In AWS and GCP environments, adversaries can trigger a request for a short-lived access token with the privileges of another user account.(Citation: Google Cloud Service Account Credentials)(Citation: AWS Temporary Security Credentials) The adversary can then use this token to request data or perform actions the original account could not. If permissions for this feature are misconfigured – for example, by allowing all users to request a token for a particular account - an adversary may be able to gain initial access to a Cloud Account or escalate their privileges.(Citation: Rhino Security Labs Enumerating AWS Roles)

OAuth is one commonly implemented framework that issues tokens to users for access to systems. These frameworks are used collaboratively to verify the user and determine what actions the user is allowed to perform. Once identity is established, the token allows actions to be authorized, without passing the actual credentials of the user. Therefore, compromise of the token can grant the adversary access to resources of other sites through a malicious application.(Citation: okta)

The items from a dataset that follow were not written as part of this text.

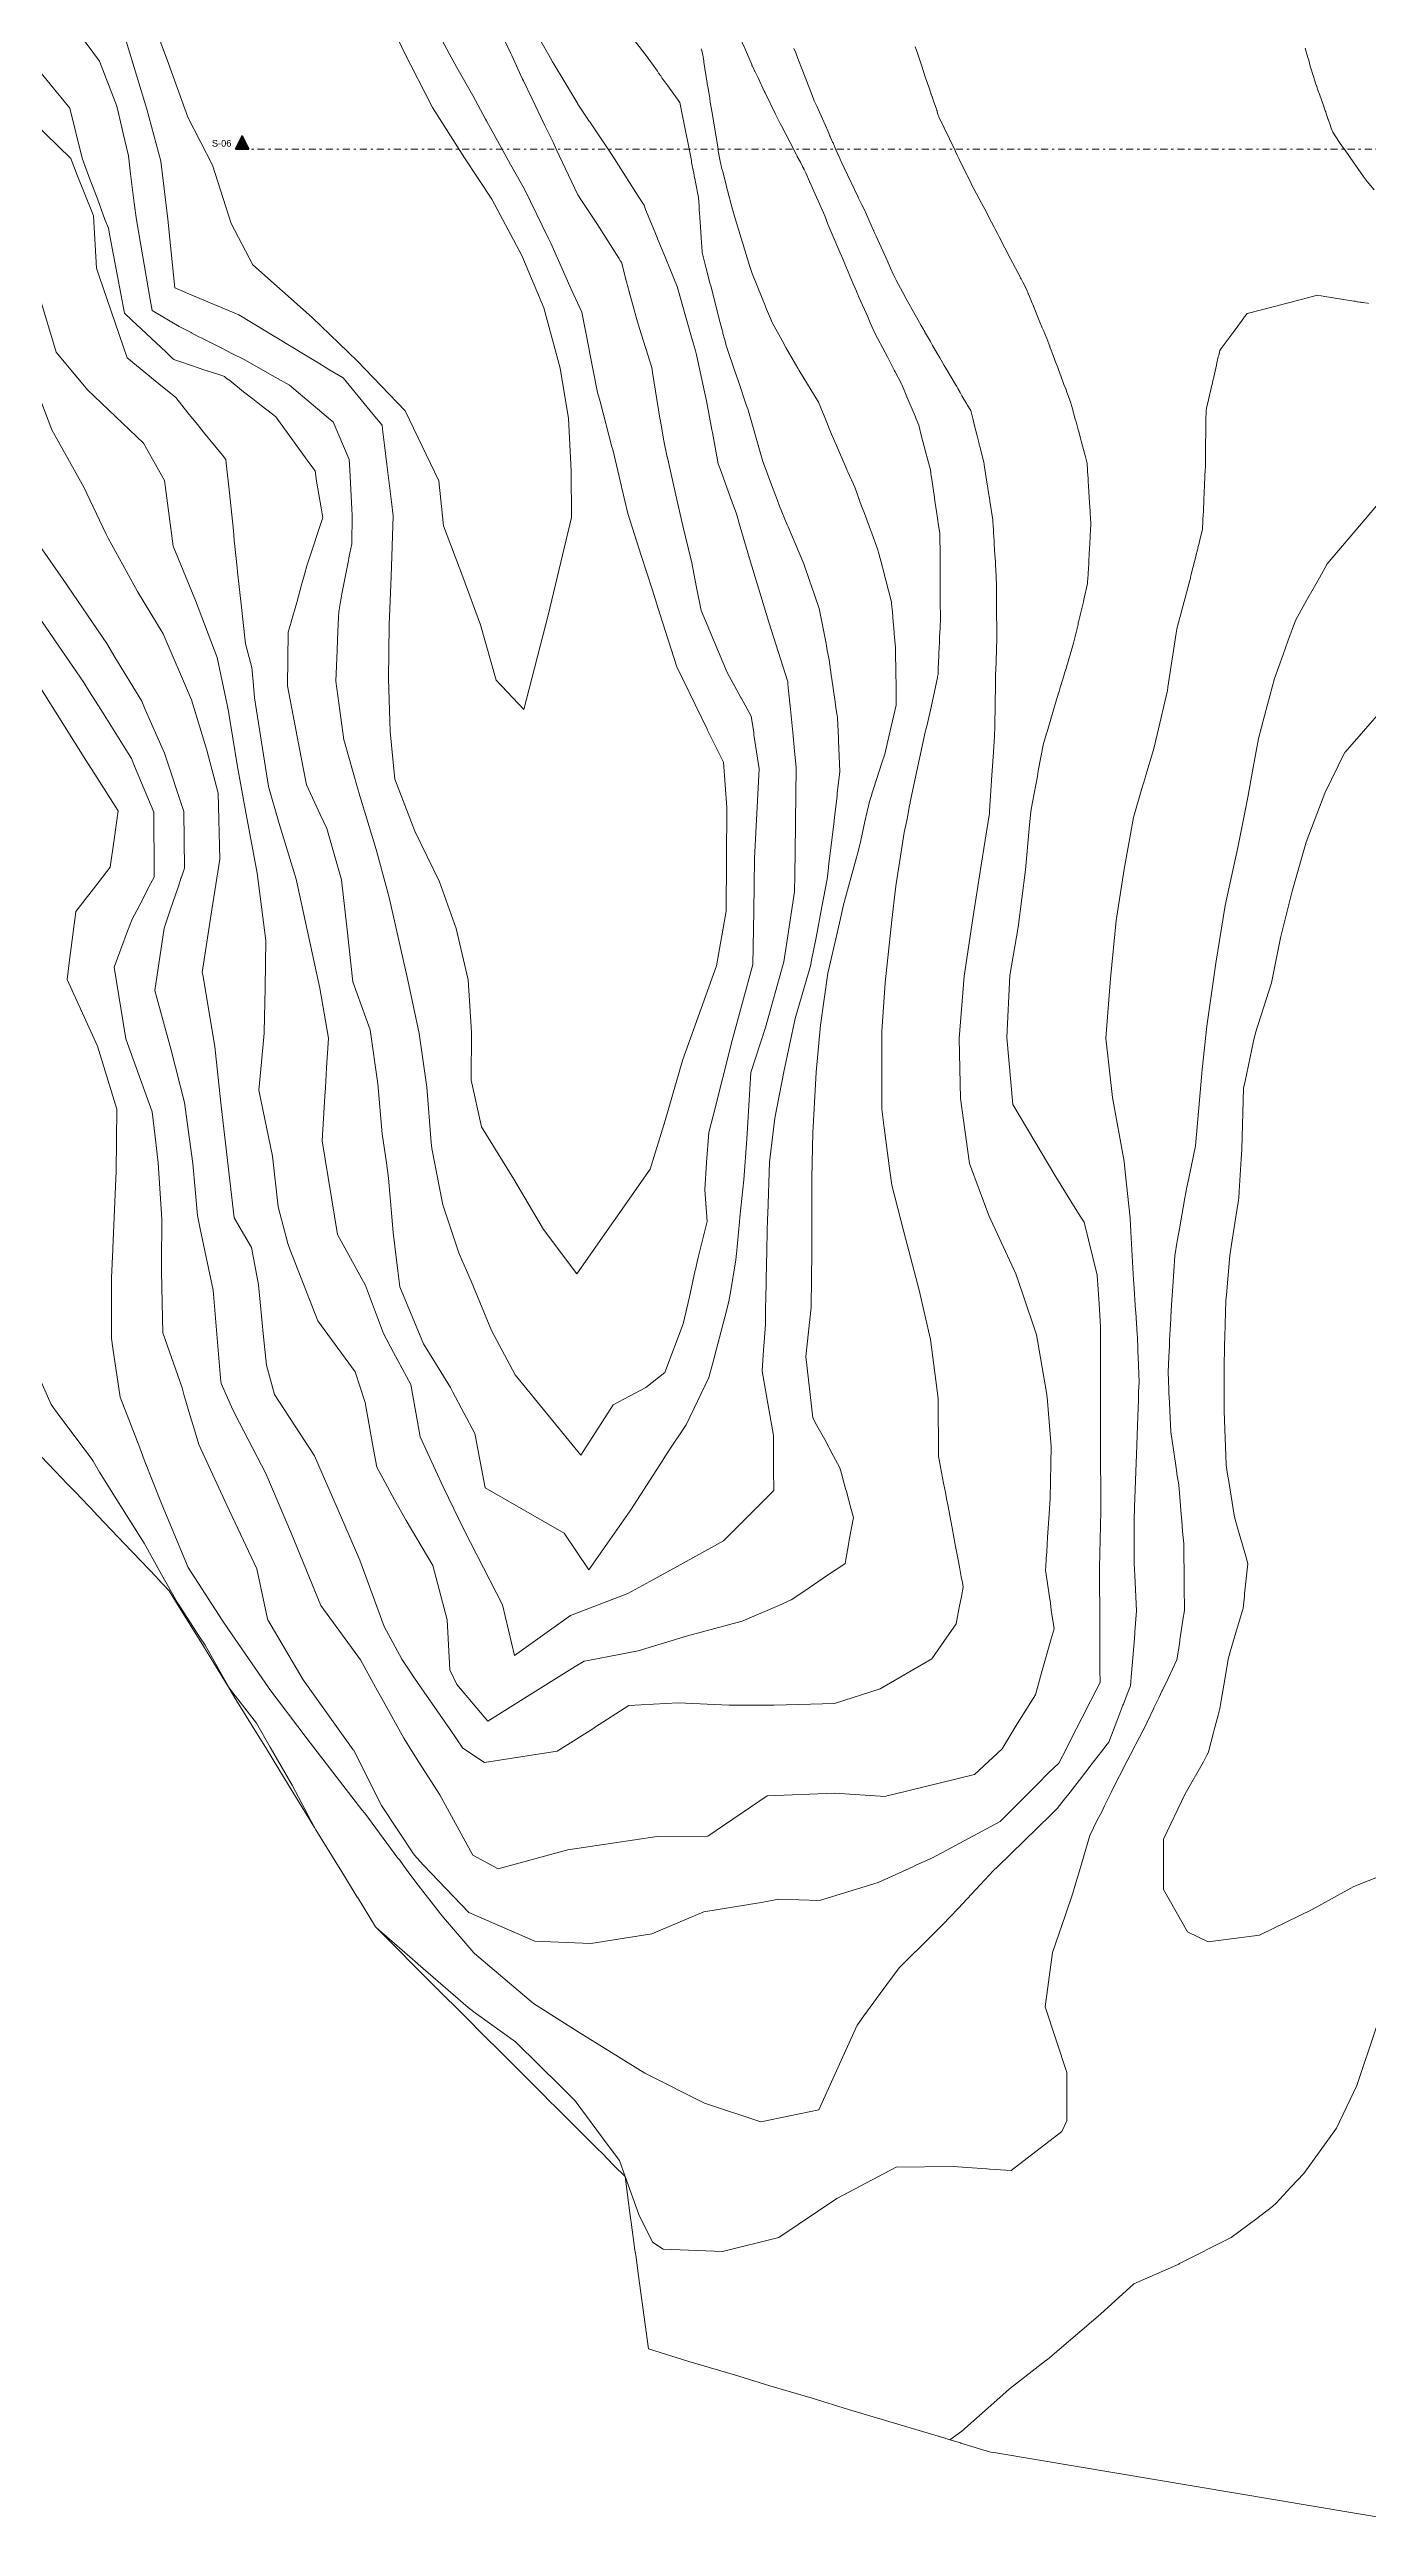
# Model space of a CAD drawing. Header units: metres. Extents: x -436 to 259, y -222 to 285.
# Drawn here: x -140.8 to -81.1, y -220.3 to -108.3 of the extents above; entities that cross this region are included whole.
import ezdxf

# ---------------------------------------------------------------- set-up
doc = ezdxf.new("R2010")
doc.units = ezdxf.units.M
doc.header["$MEASUREMENT"] = 0
doc.linetypes.add('Punto & Rayas', pattern=[0.670278, 0.3175, -0.176389, 0, -0.176389])
doc.layers.add('Marcador - Secciones', color=7, linetype='Continuous')
doc.layers.add('Nuevo_Estructura - Carga', color=7, linetype='Continuous')
for name, color, linetype, lineweight, true_color in [('Marcador - Secciones_Pluma_Nº__25', 7, 'Continuous', 35, 0x40a5ff), ('Marcador - Secciones_Pluma_Nº__85', 7, 'Continuous', 20, 0x80c2ff), ('Nuevo_Estructura - Carga_Pluma_Nº__89', 7, 'Continuous', 20, 0x71cebe)]:
    doc.layers.add(name, color=color, linetype=linetype, lineweight=lineweight, true_color=true_color)
doc.styles.add('Estilo_Generado_1', font='arial.ttf')

# ---------------------------------------------------------------- blocks, each defined once
blk = doc.blocks.new('Forma_1')
at = {"layer": 'Nuevo_Estructura - Carga_Pluma_Nº__89', "color": 123, "linetype": 'Continuous', "lineweight": 20, "true_color": 0x71cebe, "flags": 128}
for points in [[(-120.58, -136.77), (-121.29, -134.27), (-122.09, -132.11), (-122.96, -129.8), (-123.17, -127.76), (-124.69, -124.59), (-126.86, -122.33), (-128.9, -120.37), (-131.59, -117.99), (-132.56, -116.13), (-133.41, -113.49), (-134.52, -111.31), (-135.39, -108.89), (-136.26, -106.58), (-136.59, -106.24), (-138.38, -104.35), (-140.16, -102.43), (-140.51, -102.05), (-141.35, -100.64)], [(-137.26, -122.2), (-138.53, -118.51), (-138.65, -118.15), (-138.79, -115.78), (-138.84, -115.65), (-139.52, -113.94), (-139.82, -113.19), (-141.55, -111.49)], [(-136.14, -120.06), (-136.23, -119.56), (-136.85, -115.95), (-136.95, -115.21), (-137.11, -113.88), (-137.21, -113.06), (-137.45, -112.06), (-137.51, -111.78), (-137.73, -110.82), (-138.51, -108.78), (-139.98, -106.81), (-140.68, -106.1), (-141.65, -105.13)], [(-139.86, -110.91), (-141.64, -108.73)], [(-125.83, -106.05), (-124.77, -108.31), (-123.45, -110.87), (-122.01, -113.16), (-120.78, -115.02), (-119.41, -117.57), (-118.42, -119.93), (-117.68, -122.66), (-117.3, -124.94), (-117.19, -127.31), (-117.17, -129.42), (-118.22, -133.84), (-119.33, -138.1)], [(-123.65, -106.67), (-122.71, -108.43), (-122.36, -109.07), (-121.64, -110.34), (-121.06, -111.4), (-121.01, -111.48), (-119.93, -113.45), (-119.3, -114.57), (-118.23, -116.77), (-118.1, -117.02), (-117.18, -119.09), (-117.09, -119.29), (-116.7, -120.14), (-116.39, -121.74), (-116.34, -122), (-115.99, -123.76), (-115.88, -124.18), (-115.34, -126.23), (-115.3, -126.35), (-114.91, -128.02), (-114.91, -128.03), (-114.89, -128.1), (-114.62, -129.24), (-114.02, -131.14), (-113.51, -132.71), (-113.18, -133.77), (-112.41, -136.17), (-111.3, -138.44), (-111.3, -138.45), (-111.04, -138.98), (-111.03, -139), (-110.3, -140.48), (-110.14, -142.54), (-110.18, -147.23), (-110.61, -149.69), (-112.13, -153.93), (-112.93, -156.69), (-113.62, -158.89), (-116.93, -163.63)], [(-121.11, -185.72), (-122.08, -185.07), (-122.66, -184.24), (-123.83, -182.54), (-124.27, -181.91), (-124.85, -181.05), (-125.64, -179.57), (-126.75, -176.58), (-127.81, -174.1), (-128.3, -173), (-128.79, -171.86), (-130.6, -169.08), (-130.97, -167.75), (-131.1, -166.47), (-131.33, -164.12), (-131.59, -162.75), (-131.64, -162.44), (-132.42, -161.1), (-133.02, -156.03), (-133.17, -154.62), (-133.3, -153.35), (-133.85, -150.11), (-133.87, -149.99), (-133.48, -147.45), (-133.07, -144.87), (-133.15, -141.89), (-133.67, -139.94), (-134.36, -137.66), (-135.64, -134.68), (-136.8, -132.77), (-138.12, -130.36), (-138.23, -130.14), (-139.23, -128.05), (-140.67, -125.45), (-141.67, -122.83)], [(-120.47, -107.26), (-119.93, -108.4), (-119.87, -108.53), (-119.38, -109.59), (-119.34, -109.67), (-118.97, -110.45), (-118.4, -111.63), (-118.05, -112.35), (-118.02, -112.42), (-118, -112.45), (-117.86, -112.76), (-116.88, -114.83), (-116.72, -115.09), (-116.03, -116.13), (-115.64, -116.74), (-115.03, -117.69), (-114.95, -117.82), (-114.91, -117.87), (-114.68, -118.76), (-114.6, -119.04), (-114.57, -119.15), (-114.22, -120.47), (-114.1, -120.87), (-113.53, -122.64), (-113.5, -122.86), (-113.17, -124.93), (-113.15, -125.06), (-113, -125.95), (-112.84, -126.69), (-112.83, -126.71), (-112.82, -126.78), (-112.45, -128.41), (-112.13, -129.79), (-111.77, -131.29), (-111.75, -131.39), (-111.51, -132.58), (-111.3, -133.62), (-110.13, -136.43), (-109.51, -137.56), (-109.5, -137.58), (-109.04, -138.41), (-108.93, -139.15), (-108.92, -139.25), (-108.69, -140.78), (-108.72, -141.36), (-108.89, -144.83), (-108.91, -146.07), (-108.93, -147.22), (-108.97, -149.64), (-108.97, -149.64), (-109.9, -153.07), (-110.77, -156.48), (-110.96, -157.23), (-111.06, -158.59), (-111.14, -159.82), (-111.04, -161.26), (-111.45, -162.95), (-111.56, -163.43), (-111.57, -163.46), (-111.84, -164.66), (-112.12, -165.89), (-112.95, -168.09)], [(-118.62, -107.77), (-118.14, -108.61), (-118.03, -108.81), (-117.95, -108.94), (-117.52, -109.65), (-116.89, -110.71), (-116.88, -110.73), (-116.46, -111.36), (-116.38, -111.48), (-116.37, -111.49), (-116.33, -111.54), (-116.31, -111.57), (-116.13, -111.84), (-115.33, -113.03), (-114.15, -114.89), (-113.89, -115.3), (-113.82, -115.49), (-113.4, -116.5), (-113.28, -116.8), (-113.28, -116.81), (-113.22, -116.96), (-112.89, -117.75), (-112.75, -118.09), (-112.39, -118.97), (-112.21, -119.6), (-112.2, -119.66), (-111.71, -121.37), (-111.69, -121.46), (-111.67, -121.52), (-111.58, -121.82), (-111.51, -122.06), (-111.15, -123.73), (-111.06, -124.15), (-110.82, -125.45), (-110.8, -125.58), (-110.53, -126.99), (-110.45, -127.22), (-110.01, -128.44), (-109.99, -128.48), (-109.71, -129.26), (-109.54, -129.84), (-109.12, -131.28), (-108.25, -134.15), (-107.39, -136.85), (-107.38, -136.95), (-107.35, -137.26), (-107.27, -138.09), (-107.14, -139.3), (-107.11, -139.62), (-107.08, -139.98), (-107.07, -140.12), (-107.01, -140.74), (-107.04, -143.19), (-107.04, -143.31), (-107.06, -144.53), (-107.07, -145.59), (-107.08, -146.35), (-107.35, -148.13), (-107.35, -148.14), (-107.56, -149.51), (-107.59, -149.62), (-108.39, -152.49), (-109.06, -154.52), (-109.24, -157.54), (-109.38, -159.37), (-109.55, -161.07), (-109.57, -161.28), (-109.71, -162.72), (-109.72, -162.82), (-109.74, -163), (-109.77, -163.18), (-109.97, -164.38), (-110.05, -164.87), (-110.24, -165.59), (-110.8, -167.71), (-110.96, -168.31), (-111.99, -170.45), (-112.78, -171.65), (-113.02, -172.02), (-113.04, -172.05), (-114.48, -174.3), (-116.39, -177.01)], [(-114.36, -107.79), (-113.71, -108.64), (-113.68, -108.69), (-113.28, -109.24), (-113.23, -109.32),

For example, with a cloud-based email service once an OAuth access token is granted to a malicious application, it can potentially gain long-term access to features of the user account if a "refresh" token enabling background access is awarded.(Citation: Microsoft Identity Platform Access 2019) With an OAuth access token an adversary can use the user-granted REST API to perform functions such as email searching and contact enumeration.(Citation: Staaldraad Phishing with OAuth 2017)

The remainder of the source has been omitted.